Que serait alors une stratégie incohérente ? « Une stratégie est incohérente si elle n’évalue pas la situation correctement », explique Lauren Clack. Par exemple si une stratégie part du principe qu’un faible taux de coloscopies est dû au manque de connaissances de la population au lieu de tenir compte du fait que les gastro-entérologues locaux sont déjà saturés et ne peuvent pas en réaliser plus. Lancer une campagne d’information dans cette situation serait un emploi des ressources qui ne mènerait pas au but.
L’occasion de réfléchir à sa pratique
Lauren Clack a trouvé la coopération avec les personnes impliquées dans les différents programmes de dépistage cantonaux très agréable et fructueuse. Ces personnes étaient non seulement disposées à donner des renseignements lors des interviews, mais en outre « elles ont aussi été nombreuses à saisir l’occasion de réfléchir à leur pratique et de la remettre en cause. »
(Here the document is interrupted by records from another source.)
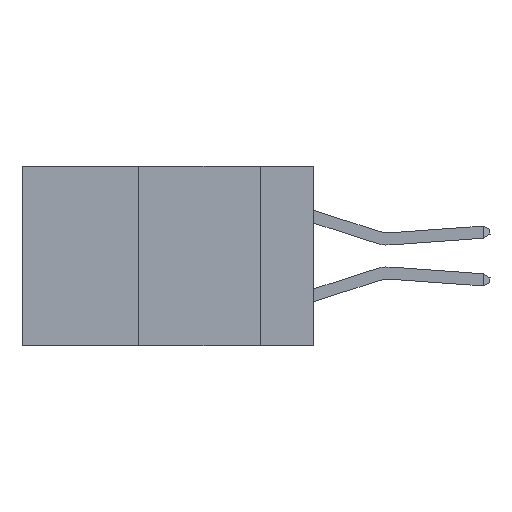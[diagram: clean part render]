
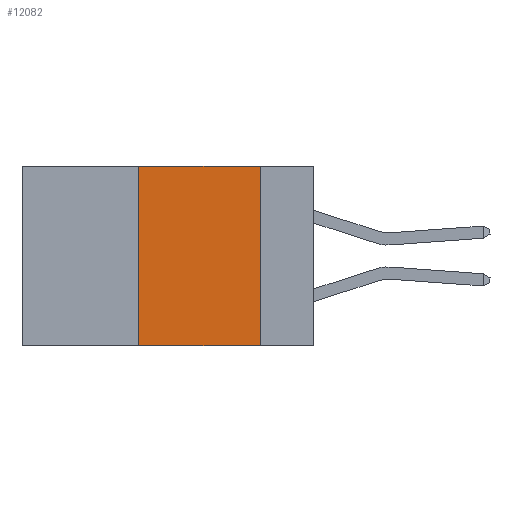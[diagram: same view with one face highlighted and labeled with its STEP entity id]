
A CAD part, left-side view. The second image highlights one B-rep face of the part: STEP entity #12082.
In plain terms, the highlighted planar face has unit normal (-1, 0, 0).
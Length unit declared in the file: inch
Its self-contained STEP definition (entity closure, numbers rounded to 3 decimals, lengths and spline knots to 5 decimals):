
#1966 = CARTESIAN_POINT ( 'NONE',  ( 0., 0.6, 0. ) ) ;
#2497 = CARTESIAN_POINT ( 'NONE',  ( 0., 0.36, -0.37 ) ) ;
#2849 = VERTEX_POINT ( 'NONE', #11115 ) ;
#3431 = EDGE_CURVE ( 'NONE', #4674, #21821, #18022, .T. ) ;
#3731 = LINE ( 'NONE', #8846, #18535 ) ;
#3861 = DIRECTION ( 'NONE',  ( 0., -1., 0. ) ) ;
#4674 = VERTEX_POINT ( 'NONE', #22156 ) ;
#5287 = CARTESIAN_POINT ( 'NONE',  ( 0., 0.6, 0. ) ) ;
#5400 = ORIENTED_EDGE ( 'NONE', *, *, #5804, .F. ) ;
#5804 = EDGE_CURVE ( 'NONE', #21821, #2849, #3731, .T. ) ;
#5831 = EDGE_LOOP ( 'NONE', ( #5400, #15282, #6016, #10930 ) ) ;
#6016 = ORIENTED_EDGE ( 'NONE', *, *, #8297, .F. ) ;
#7193 = DIRECTION ( 'NONE',  ( 0., 0., -1. ) ) ;
#7980 = VECTOR ( 'NONE', #15965, 39.37008 ) ;
#8297 = EDGE_CURVE ( 'NONE', #20820, #4674, #13258, .T. ) ;
#8520 = CARTESIAN_POINT ( 'NONE',  ( 0., 0.6, -0.37 ) ) ;
#8846 = CARTESIAN_POINT ( 'NONE',  ( 0., 0.11, 0. ) ) ;
#8888 = VECTOR ( 'NONE', #18875, 39.37008 ) ;
#10930 = ORIENTED_EDGE ( 'NONE', *, *, #14187, .T. ) ;
#11115 = CARTESIAN_POINT ( 'NONE',  ( 0., 0.11, -0.37 ) ) ;
#11125 = CARTESIAN_POINT ( 'NONE',  ( 0., 0.11, 0. ) ) ;
#12082 = ADVANCED_FACE ( 'NONE', ( #14119 ), #16389, .F. ) ;
#13171 = VECTOR ( 'NONE', #3861, 39.37008 ) ;
#13258 = LINE ( 'NONE', #22560, #8888 ) ;
#14119 = FACE_OUTER_BOUND ( 'NONE', #5831, .T. ) ;
#14187 = EDGE_CURVE ( 'NONE', #20820, #2849, #22657, .T. ) ;
#15282 = ORIENTED_EDGE ( 'NONE', *, *, #3431, .F. ) ;
#15965 = DIRECTION ( 'NONE',  ( 0., -1., 0. ) ) ;
#16389 = PLANE ( 'NONE',  #16946 ) ;
#16946 = AXIS2_PLACEMENT_3D ( 'NONE', #5287, #18235, #7193 ) ;
#18022 = LINE ( 'NONE', #1966, #13171 ) ;
#18235 = DIRECTION ( 'NONE',  ( 1., 0., 0. ) ) ;
#18535 = VECTOR ( 'NONE', #21719, 39.37008 ) ;
#18875 = DIRECTION ( 'NONE',  ( 0., 0., 1. ) ) ;
#20820 = VERTEX_POINT ( 'NONE', #2497 ) ;
#21719 = DIRECTION ( 'NONE',  ( 0., 0., -1. ) ) ;
#21821 = VERTEX_POINT ( 'NONE', #11125 ) ;
#22156 = CARTESIAN_POINT ( 'NONE',  ( 0., 0.36, 0. ) ) ;
#22560 = CARTESIAN_POINT ( 'NONE',  ( 0., 0.36, 0. ) ) ;
#22657 = LINE ( 'NONE', #8520, #7980 ) ;
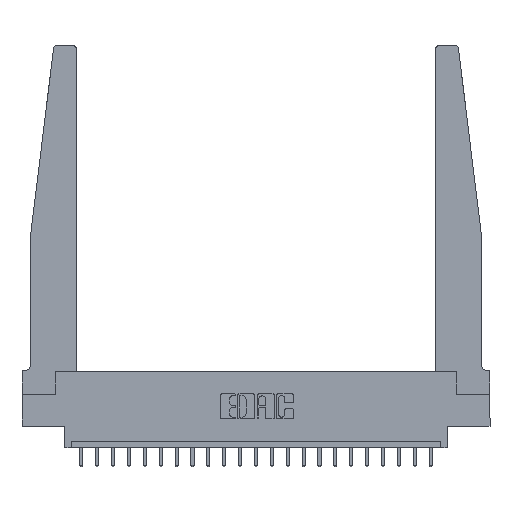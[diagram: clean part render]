
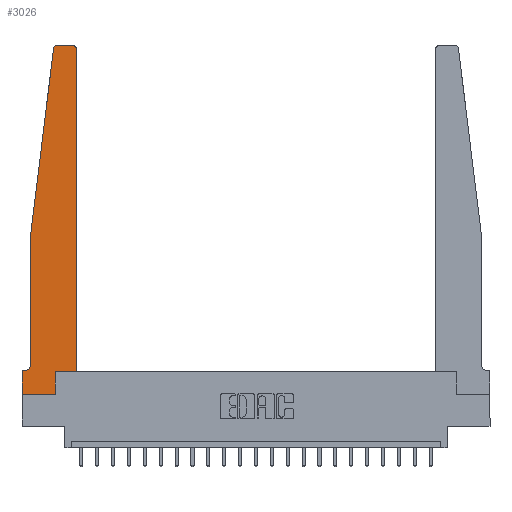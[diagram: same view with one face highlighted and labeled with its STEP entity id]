
A CAD part, top view. The second image highlights one B-rep face of the part: STEP entity #3026.
In plain terms, the highlighted planar face has unit normal (0, 0, 1).
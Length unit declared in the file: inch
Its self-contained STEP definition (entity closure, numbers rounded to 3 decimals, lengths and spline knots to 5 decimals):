
#53 = CARTESIAN_POINT ( 'NONE',  ( 0.2605, 0., 0.37 ) ) ;
#610 = CARTESIAN_POINT ( 'NONE',  ( 0., 0.1875, 0.37 ) ) ;
#919 = AXIS2_PLACEMENT_3D ( 'NONE', #4591, #16182, #12836 ) ;
#1064 = ORIENTED_EDGE ( 'NONE', *, *, #17472, .T. ) ;
#1290 = CARTESIAN_POINT ( 'NONE',  ( 0.065, 1.25, 0.37 ) ) ;
#1576 = CARTESIAN_POINT ( 'NONE',  ( 0.425, 2.72, 0.37 ) ) ;
#1868 = CIRCLE ( 'NONE', #5731, 0.05 ) ;
#1924 = CARTESIAN_POINT ( 'NONE',  ( 0.065, 1.25, 0.37 ) ) ;
#2007 = ORIENTED_EDGE ( 'NONE', *, *, #16655, .T. ) ;
#2603 = CIRCLE ( 'NONE', #9794, 0.03 ) ;
#3026 = ADVANCED_FACE ( 'NONE', ( #6885 ), #9418, .T. ) ;
#3083 = LINE ( 'NONE', #12503, #17821 ) ;
#3134 = CARTESIAN_POINT ( 'NONE',  ( 0.24675, 2.72367, 0.37 ) ) ;
#3203 = LINE ( 'NONE', #1924, #6327 ) ;
#3469 = DIRECTION ( 'NONE',  ( 0., -1., 0. ) ) ;
#3606 = VERTEX_POINT ( 'NONE', #14677 ) ;
#3732 = VECTOR ( 'NONE', #14773, 39.37008 ) ;
#3856 = ORIENTED_EDGE ( 'NONE', *, *, #11704, .T. ) ;
#4246 = DIRECTION ( 'NONE',  ( -1., 0., 0. ) ) ;
#4401 = DIRECTION ( 'NONE',  ( -0.122, -0.992, 0. ) ) ;
#4591 = CARTESIAN_POINT ( 'NONE',  ( 0., 0.1875, 0.37 ) ) ;
#4802 = CARTESIAN_POINT ( 'NONE',  ( 0.425, 0.18, 0.37 ) ) ;
#4827 = CARTESIAN_POINT ( 'NONE',  ( 0.2605, 0.18, 0.37 ) ) ;
#5358 = DIRECTION ( 'NONE',  ( 1., 0., 0. ) ) ;
#5476 = LINE ( 'NONE', #1290, #20529 ) ;
#5497 = DIRECTION ( 'NONE',  ( 0., 0., -1. ) ) ;
#5731 = AXIS2_PLACEMENT_3D ( 'NONE', #10721, #5497, #13858 ) ;
#6050 = ORIENTED_EDGE ( 'NONE', *, *, #7682, .T. ) ;
#6225 = LINE ( 'NONE', #14984, #16561 ) ;
#6272 = CARTESIAN_POINT ( 'NONE',  ( 0.065, 0.2375, 0.37 ) ) ;
#6327 = VECTOR ( 'NONE', #3469, 39.37008 ) ;
#6628 = DIRECTION ( 'NONE',  ( 0., -1., 0. ) ) ;
#6885 = FACE_OUTER_BOUND ( 'NONE', #7194, .T. ) ;
#7041 = DIRECTION ( 'NONE',  ( 1., 0., 0. ) ) ;
#7193 = VECTOR ( 'NONE', #7041, 39.37008 ) ;
#7194 = EDGE_LOOP ( 'NONE', ( #3856, #2007, #7362, #11323, #9120, #18038, #7365, #15474, #19299, #1064, #6050, #14533 ) ) ;
#7332 = VERTEX_POINT ( 'NONE', #16268 ) ;
#7362 = ORIENTED_EDGE ( 'NONE', *, *, #20510, .T. ) ;
#7365 = ORIENTED_EDGE ( 'NONE', *, *, #15082, .T. ) ;
#7393 = EDGE_CURVE ( 'NONE', #17068, #16130, #15306, .T. ) ;
#7428 = DIRECTION ( 'NONE',  ( 0., 0., 1. ) ) ;
#7462 = CIRCLE ( 'NONE', #16444, 0.03 ) ;
#7682 = EDGE_CURVE ( 'NONE', #9071, #17952, #15035, .T. ) ;
#7698 = CARTESIAN_POINT ( 'NONE',  ( 0.425, 0.18, 0.37 ) ) ;
#7866 = EDGE_CURVE ( 'NONE', #11840, #7332, #1868, .T. ) ;
#8444 = LINE ( 'NONE', #11064, #21403 ) ;
#8930 = VECTOR ( 'NONE', #16615, 39.37008 ) ;
#9071 = VERTEX_POINT ( 'NONE', #7698 ) ;
#9120 = ORIENTED_EDGE ( 'NONE', *, *, #7866, .T. ) ;
#9418 = PLANE ( 'NONE',  #919 ) ;
#9631 = EDGE_CURVE ( 'NONE', #16130, #12533, #11959, .T. ) ;
#9700 = VERTEX_POINT ( 'NONE', #3134 ) ;
#9794 = AXIS2_PLACEMENT_3D ( 'NONE', #19286, #7428, #19357 ) ;
#10721 = CARTESIAN_POINT ( 'NONE',  ( 0.015, 0.2375, 0.37 ) ) ;
#10883 = CARTESIAN_POINT ( 'NONE',  ( 0., 0., 0.37 ) ) ;
#11064 = CARTESIAN_POINT ( 'NONE',  ( 0.25, 2.75, 0.37 ) ) ;
#11323 = ORIENTED_EDGE ( 'NONE', *, *, #19627, .T. ) ;
#11409 = CARTESIAN_POINT ( 'NONE',  ( 0.2605, 0.18, 0.37 ) ) ;
#11704 = EDGE_CURVE ( 'NONE', #3606, #16395, #8444, .T. ) ;
#11840 = VERTEX_POINT ( 'NONE', #6272 ) ;
#11959 = LINE ( 'NONE', #11409, #15971 ) ;
#12503 = CARTESIAN_POINT ( 'NONE',  ( 0.065, 0.1875, 0.37 ) ) ;
#12533 = VERTEX_POINT ( 'NONE', #4827 ) ;
#12836 = DIRECTION ( 'NONE',  ( 1., 0., 0. ) ) ;
#13024 = LINE ( 'NONE', #17467, #7193 ) ;
#13638 = CARTESIAN_POINT ( 'NONE',  ( 0.27653, 2.72, 0.37 ) ) ;
#13730 = CARTESIAN_POINT ( 'NONE',  ( 0.065, 1.25, 0.37 ) ) ;
#13858 = DIRECTION ( 'NONE',  ( -1., 0., 0. ) ) ;
#14379 = DIRECTION ( 'NONE',  ( -1., 0., 0. ) ) ;
#14533 = ORIENTED_EDGE ( 'NONE', *, *, #21048, .T. ) ;
#14677 = CARTESIAN_POINT ( 'NONE',  ( 0.395, 2.75, 0.37 ) ) ;
#14773 = DIRECTION ( 'NONE',  ( 1., 0., 0. ) ) ;
#14984 = CARTESIAN_POINT ( 'NONE',  ( 0., 0., 0.37 ) ) ;
#15035 = LINE ( 'NONE', #4802, #8930 ) ;
#15082 = EDGE_CURVE ( 'NONE', #16317, #17068, #6225, .T. ) ;
#15306 = LINE ( 'NONE', #18389, #3732 ) ;
#15474 = ORIENTED_EDGE ( 'NONE', *, *, #7393, .T. ) ;
#15971 = VECTOR ( 'NONE', #17933, 39.37008 ) ;
#16130 = VERTEX_POINT ( 'NONE', #53 ) ;
#16182 = DIRECTION ( 'NONE',  ( 0., 0., 1. ) ) ;
#16268 = CARTESIAN_POINT ( 'NONE',  ( 0.015, 0.1875, 0.37 ) ) ;
#16317 = VERTEX_POINT ( 'NONE', #610 ) ;
#16395 = VERTEX_POINT ( 'NONE', #21184 ) ;
#16444 = AXIS2_PLACEMENT_3D ( 'NONE', #13638, #20645, #5358 ) ;
#16561 = VECTOR ( 'NONE', #6628, 39.37008 ) ;
#16615 = DIRECTION ( 'NONE',  ( 0., 1., 0. ) ) ;
#16655 = EDGE_CURVE ( 'NONE', #16395, #9700, #7462, .T. ) ;
#16794 = EDGE_CURVE ( 'NONE', #7332, #16317, #3083, .T. ) ;
#16921 = VERTEX_POINT ( 'NONE', #13730 ) ;
#17068 = VERTEX_POINT ( 'NONE', #10883 ) ;
#17467 = CARTESIAN_POINT ( 'NONE',  ( 0.425, 0.18, 0.37 ) ) ;
#17472 = EDGE_CURVE ( 'NONE', #12533, #9071, #13024, .T. ) ;
#17821 = VECTOR ( 'NONE', #14379, 39.37008 ) ;
#17933 = DIRECTION ( 'NONE',  ( 0., 1., 0. ) ) ;
#17952 = VERTEX_POINT ( 'NONE', #1576 ) ;
#18038 = ORIENTED_EDGE ( 'NONE', *, *, #16794, .T. ) ;
#18389 = CARTESIAN_POINT ( 'NONE',  ( 0., 0., 0.37 ) ) ;
#19286 = CARTESIAN_POINT ( 'NONE',  ( 0.395, 2.72, 0.37 ) ) ;
#19299 = ORIENTED_EDGE ( 'NONE', *, *, #9631, .T. ) ;
#19357 = DIRECTION ( 'NONE',  ( 1., 0., 0. ) ) ;
#19627 = EDGE_CURVE ( 'NONE', #16921, #11840, #3203, .T. ) ;
#20510 = EDGE_CURVE ( 'NONE', #9700, #16921, #5476, .T. ) ;
#20529 = VECTOR ( 'NONE', #4401, 39.37008 ) ;
#20645 = DIRECTION ( 'NONE',  ( 0., 0., 1. ) ) ;
#21048 = EDGE_CURVE ( 'NONE', #17952, #3606, #2603, .T. ) ;
#21184 = CARTESIAN_POINT ( 'NONE',  ( 0.27653, 2.75, 0.37 ) ) ;
#21403 = VECTOR ( 'NONE', #4246, 39.37008 ) ;

Dans son projet de recherche, elle a rencontré de nombreuses approches d’avenir. Tandis que par exemple le canton de Vaud développe et teste des recommandations de dépistage personnalisées, le canton de Lucerne a un modèle dans lequel les pharmacies jouent un rôle important dans le dépistage du cancer de l’intestin. Lauren Clack et son équipe ont aussi participé à des manifestations de mise en réseau et elle a observé « une grande envie des gens d’apprendre les uns des autres », constate-t-elle. Cette envie la motive et elle espère la satisfaire en poursuivant ses travaux de recherche.